_WHAT IS BEING ASKED_: Whenever a line below holds the word "color", count it; then give the total and nothing else.

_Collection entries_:
• • • • • • •

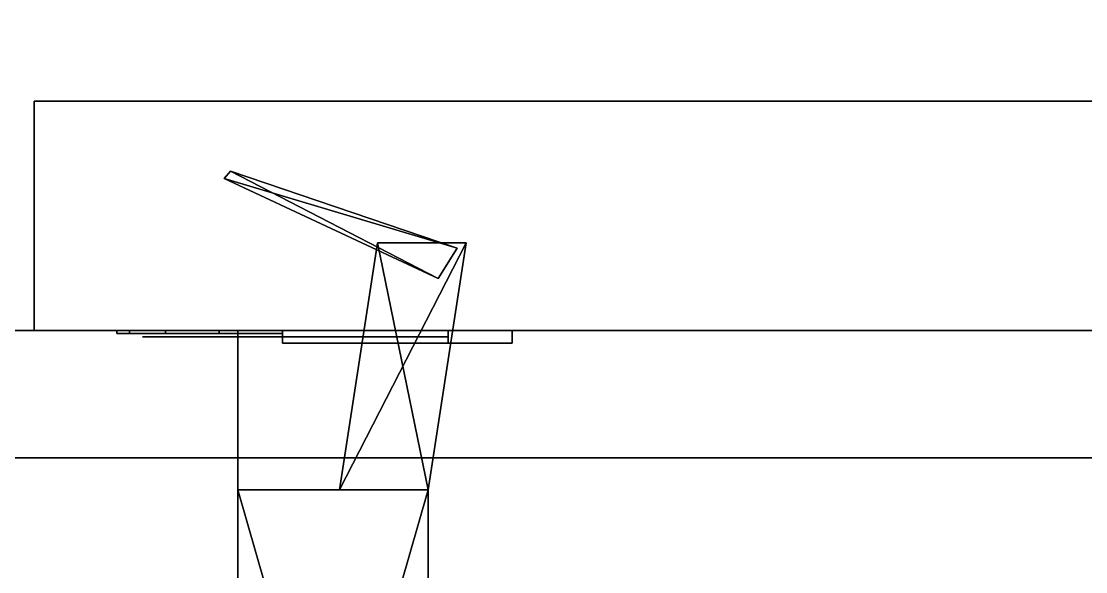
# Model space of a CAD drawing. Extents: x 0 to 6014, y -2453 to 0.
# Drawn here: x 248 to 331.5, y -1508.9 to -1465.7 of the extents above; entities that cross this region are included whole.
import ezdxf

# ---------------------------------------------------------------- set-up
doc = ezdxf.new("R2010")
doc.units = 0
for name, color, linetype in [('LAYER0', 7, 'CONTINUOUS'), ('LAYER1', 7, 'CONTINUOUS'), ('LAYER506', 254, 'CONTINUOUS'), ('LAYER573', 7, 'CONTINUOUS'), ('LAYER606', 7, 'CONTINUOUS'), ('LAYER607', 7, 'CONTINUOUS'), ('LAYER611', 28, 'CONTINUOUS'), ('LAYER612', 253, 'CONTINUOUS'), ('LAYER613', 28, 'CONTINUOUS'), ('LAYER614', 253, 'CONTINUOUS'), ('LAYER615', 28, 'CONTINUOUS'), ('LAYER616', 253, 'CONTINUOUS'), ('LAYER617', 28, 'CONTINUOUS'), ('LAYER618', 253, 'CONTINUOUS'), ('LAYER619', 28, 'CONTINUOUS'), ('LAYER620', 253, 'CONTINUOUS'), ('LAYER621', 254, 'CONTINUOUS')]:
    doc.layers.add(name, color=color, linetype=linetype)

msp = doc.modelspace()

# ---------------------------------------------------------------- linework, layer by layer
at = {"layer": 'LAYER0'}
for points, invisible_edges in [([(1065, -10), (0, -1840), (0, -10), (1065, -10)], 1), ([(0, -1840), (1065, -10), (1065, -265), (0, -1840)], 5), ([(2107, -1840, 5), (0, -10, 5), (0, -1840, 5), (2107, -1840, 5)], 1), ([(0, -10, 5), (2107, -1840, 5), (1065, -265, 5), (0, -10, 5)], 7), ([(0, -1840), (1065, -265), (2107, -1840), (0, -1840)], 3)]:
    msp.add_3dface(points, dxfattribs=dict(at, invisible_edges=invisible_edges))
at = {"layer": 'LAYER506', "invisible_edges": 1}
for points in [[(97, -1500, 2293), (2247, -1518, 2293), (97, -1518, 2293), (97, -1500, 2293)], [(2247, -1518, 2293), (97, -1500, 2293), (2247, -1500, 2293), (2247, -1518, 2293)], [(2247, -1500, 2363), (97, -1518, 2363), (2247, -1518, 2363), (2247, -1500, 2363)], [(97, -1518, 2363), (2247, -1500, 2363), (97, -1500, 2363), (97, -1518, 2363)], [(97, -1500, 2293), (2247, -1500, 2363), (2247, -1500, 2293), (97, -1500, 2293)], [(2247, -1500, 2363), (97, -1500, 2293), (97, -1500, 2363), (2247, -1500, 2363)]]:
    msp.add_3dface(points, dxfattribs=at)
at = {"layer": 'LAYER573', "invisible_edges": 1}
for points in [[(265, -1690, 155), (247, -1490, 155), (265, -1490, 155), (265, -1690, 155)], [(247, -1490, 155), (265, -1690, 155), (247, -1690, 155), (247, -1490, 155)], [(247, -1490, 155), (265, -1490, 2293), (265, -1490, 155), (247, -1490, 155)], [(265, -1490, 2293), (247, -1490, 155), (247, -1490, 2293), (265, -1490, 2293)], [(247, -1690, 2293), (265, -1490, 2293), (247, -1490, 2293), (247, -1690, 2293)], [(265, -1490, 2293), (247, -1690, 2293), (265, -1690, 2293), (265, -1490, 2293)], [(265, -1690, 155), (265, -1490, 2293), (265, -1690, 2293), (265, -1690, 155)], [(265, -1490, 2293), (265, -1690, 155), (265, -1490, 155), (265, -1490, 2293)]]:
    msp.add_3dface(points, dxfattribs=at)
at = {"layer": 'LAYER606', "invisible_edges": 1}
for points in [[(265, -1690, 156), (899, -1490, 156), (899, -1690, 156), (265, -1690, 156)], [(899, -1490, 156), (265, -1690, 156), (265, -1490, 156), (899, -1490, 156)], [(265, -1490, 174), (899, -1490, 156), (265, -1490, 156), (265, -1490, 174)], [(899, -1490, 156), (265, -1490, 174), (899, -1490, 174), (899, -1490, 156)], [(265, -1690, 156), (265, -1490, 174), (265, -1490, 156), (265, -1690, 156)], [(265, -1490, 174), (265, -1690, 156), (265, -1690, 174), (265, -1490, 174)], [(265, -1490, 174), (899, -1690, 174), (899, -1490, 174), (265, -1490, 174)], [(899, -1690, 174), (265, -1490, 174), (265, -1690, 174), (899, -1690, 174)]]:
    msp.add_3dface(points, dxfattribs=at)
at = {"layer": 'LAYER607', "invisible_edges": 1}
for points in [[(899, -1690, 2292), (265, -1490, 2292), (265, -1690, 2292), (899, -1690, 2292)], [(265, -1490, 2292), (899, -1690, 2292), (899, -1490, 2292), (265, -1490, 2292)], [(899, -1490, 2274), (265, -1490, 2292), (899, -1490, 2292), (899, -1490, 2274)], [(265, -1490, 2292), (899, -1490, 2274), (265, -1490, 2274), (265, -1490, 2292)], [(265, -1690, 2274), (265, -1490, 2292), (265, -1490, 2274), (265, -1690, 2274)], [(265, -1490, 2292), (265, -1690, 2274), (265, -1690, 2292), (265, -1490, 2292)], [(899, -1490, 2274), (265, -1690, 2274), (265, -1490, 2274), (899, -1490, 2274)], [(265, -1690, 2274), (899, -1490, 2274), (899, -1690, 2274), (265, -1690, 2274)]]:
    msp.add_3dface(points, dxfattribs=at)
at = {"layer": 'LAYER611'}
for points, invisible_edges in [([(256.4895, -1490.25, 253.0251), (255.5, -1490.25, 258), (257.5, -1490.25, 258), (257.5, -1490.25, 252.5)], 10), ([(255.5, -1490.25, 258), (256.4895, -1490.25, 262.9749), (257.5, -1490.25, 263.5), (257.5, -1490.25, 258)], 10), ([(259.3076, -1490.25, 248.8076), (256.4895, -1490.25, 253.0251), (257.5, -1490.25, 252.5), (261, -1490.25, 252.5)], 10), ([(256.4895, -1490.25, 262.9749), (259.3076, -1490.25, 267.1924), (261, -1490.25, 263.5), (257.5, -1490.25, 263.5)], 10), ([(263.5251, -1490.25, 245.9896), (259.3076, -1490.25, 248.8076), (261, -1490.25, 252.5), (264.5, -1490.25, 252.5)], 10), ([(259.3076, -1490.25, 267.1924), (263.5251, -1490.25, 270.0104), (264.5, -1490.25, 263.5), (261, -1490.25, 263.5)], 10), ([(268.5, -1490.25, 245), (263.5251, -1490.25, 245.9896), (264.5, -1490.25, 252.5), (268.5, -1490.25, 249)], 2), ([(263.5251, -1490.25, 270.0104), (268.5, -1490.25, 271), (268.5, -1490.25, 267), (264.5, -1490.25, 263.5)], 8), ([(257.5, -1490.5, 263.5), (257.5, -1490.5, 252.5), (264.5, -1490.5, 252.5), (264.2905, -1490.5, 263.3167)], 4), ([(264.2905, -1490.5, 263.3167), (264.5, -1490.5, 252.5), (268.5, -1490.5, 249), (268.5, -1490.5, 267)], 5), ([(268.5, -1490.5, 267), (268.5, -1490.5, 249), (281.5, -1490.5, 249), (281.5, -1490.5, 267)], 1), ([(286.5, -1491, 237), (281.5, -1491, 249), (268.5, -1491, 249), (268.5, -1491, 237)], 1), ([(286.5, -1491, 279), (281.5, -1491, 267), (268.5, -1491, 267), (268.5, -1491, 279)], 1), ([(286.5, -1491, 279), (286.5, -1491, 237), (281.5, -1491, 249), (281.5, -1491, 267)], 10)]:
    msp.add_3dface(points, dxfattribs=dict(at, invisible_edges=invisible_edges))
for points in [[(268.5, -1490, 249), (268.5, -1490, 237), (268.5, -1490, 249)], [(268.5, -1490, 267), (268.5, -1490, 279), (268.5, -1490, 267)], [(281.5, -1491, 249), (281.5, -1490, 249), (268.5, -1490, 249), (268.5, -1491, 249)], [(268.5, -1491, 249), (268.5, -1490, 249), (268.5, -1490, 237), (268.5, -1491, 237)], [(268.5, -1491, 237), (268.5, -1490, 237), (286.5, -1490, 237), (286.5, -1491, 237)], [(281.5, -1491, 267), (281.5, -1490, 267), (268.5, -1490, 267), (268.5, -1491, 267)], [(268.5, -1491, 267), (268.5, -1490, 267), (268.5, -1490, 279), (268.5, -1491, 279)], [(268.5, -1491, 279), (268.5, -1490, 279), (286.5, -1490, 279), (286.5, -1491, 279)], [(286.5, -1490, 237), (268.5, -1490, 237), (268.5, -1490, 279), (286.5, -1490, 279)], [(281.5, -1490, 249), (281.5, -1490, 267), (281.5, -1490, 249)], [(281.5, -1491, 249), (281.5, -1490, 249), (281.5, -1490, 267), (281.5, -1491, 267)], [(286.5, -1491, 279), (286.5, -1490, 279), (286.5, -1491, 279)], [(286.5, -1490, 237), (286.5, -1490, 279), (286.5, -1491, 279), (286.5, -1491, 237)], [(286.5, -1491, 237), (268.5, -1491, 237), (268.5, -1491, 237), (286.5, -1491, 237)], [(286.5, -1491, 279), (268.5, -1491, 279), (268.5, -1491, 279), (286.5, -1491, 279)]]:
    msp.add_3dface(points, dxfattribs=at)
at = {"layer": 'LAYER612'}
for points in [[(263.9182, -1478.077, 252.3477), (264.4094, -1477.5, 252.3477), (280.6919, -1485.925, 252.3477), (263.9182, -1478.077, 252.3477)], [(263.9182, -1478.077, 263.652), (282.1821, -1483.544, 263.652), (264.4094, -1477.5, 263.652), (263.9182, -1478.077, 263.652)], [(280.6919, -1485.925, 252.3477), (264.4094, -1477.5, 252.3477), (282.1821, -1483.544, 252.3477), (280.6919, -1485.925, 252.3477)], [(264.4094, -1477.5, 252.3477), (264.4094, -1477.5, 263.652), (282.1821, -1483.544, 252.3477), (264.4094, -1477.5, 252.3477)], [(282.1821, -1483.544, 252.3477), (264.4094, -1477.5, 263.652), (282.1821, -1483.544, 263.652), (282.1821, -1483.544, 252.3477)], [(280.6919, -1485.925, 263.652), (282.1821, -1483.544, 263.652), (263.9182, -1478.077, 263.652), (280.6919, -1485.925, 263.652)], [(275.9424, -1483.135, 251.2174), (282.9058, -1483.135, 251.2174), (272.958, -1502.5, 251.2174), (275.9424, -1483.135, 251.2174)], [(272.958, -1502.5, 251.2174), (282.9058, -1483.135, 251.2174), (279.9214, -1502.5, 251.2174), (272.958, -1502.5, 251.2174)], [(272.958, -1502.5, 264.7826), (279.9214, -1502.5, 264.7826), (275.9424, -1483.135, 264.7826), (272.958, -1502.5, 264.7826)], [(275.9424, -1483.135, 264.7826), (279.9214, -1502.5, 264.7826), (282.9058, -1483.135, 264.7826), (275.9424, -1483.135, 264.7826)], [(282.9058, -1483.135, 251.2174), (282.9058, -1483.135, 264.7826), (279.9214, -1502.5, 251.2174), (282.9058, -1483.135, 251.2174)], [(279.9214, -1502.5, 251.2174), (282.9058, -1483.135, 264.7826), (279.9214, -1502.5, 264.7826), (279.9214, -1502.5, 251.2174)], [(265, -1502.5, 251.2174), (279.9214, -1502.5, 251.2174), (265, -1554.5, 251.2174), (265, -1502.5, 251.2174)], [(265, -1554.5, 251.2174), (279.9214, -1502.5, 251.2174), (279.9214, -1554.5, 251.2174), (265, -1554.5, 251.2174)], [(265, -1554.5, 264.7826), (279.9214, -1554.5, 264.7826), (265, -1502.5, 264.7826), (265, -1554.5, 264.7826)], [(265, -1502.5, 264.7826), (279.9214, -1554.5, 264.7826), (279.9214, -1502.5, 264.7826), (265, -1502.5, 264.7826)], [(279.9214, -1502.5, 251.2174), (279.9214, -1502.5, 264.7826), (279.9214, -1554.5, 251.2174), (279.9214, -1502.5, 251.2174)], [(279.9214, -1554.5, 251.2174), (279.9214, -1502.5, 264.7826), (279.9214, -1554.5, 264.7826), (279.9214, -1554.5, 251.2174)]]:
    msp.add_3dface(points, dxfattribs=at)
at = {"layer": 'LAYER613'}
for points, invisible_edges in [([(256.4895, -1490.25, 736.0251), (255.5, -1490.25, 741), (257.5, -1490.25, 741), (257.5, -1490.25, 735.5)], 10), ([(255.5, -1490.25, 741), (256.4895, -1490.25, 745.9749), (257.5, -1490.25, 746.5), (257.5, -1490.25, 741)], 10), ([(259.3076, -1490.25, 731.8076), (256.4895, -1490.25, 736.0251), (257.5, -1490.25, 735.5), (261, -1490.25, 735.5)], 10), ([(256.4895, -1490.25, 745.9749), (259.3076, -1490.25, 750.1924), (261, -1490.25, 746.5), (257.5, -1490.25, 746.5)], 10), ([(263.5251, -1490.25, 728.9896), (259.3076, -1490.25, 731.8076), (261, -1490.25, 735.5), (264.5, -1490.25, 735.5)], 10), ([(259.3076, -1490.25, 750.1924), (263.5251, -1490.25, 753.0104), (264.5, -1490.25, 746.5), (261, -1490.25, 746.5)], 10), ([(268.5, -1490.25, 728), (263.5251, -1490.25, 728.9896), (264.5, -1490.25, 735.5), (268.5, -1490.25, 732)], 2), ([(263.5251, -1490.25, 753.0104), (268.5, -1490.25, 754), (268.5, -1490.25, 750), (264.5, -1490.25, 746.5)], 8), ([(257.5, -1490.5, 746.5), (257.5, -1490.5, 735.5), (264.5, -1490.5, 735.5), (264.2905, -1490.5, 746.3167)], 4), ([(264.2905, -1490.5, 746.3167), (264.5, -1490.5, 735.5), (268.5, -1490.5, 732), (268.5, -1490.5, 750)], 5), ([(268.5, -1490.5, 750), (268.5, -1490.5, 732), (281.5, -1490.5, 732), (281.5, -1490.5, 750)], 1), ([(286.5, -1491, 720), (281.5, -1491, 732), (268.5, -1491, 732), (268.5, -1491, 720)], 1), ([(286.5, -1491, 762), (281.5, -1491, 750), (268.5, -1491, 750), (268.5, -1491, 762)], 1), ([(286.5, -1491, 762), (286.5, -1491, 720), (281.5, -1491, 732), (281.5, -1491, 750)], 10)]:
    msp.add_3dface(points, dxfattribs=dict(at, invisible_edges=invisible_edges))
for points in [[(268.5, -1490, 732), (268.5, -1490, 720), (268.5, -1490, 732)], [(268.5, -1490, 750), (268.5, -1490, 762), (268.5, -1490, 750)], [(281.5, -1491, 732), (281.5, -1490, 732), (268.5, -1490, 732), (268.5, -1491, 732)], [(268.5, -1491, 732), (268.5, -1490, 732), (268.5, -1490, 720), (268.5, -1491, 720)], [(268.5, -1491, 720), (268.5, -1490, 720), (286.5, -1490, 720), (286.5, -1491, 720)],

• • • • • • •

_COMPLETED TASK_: 2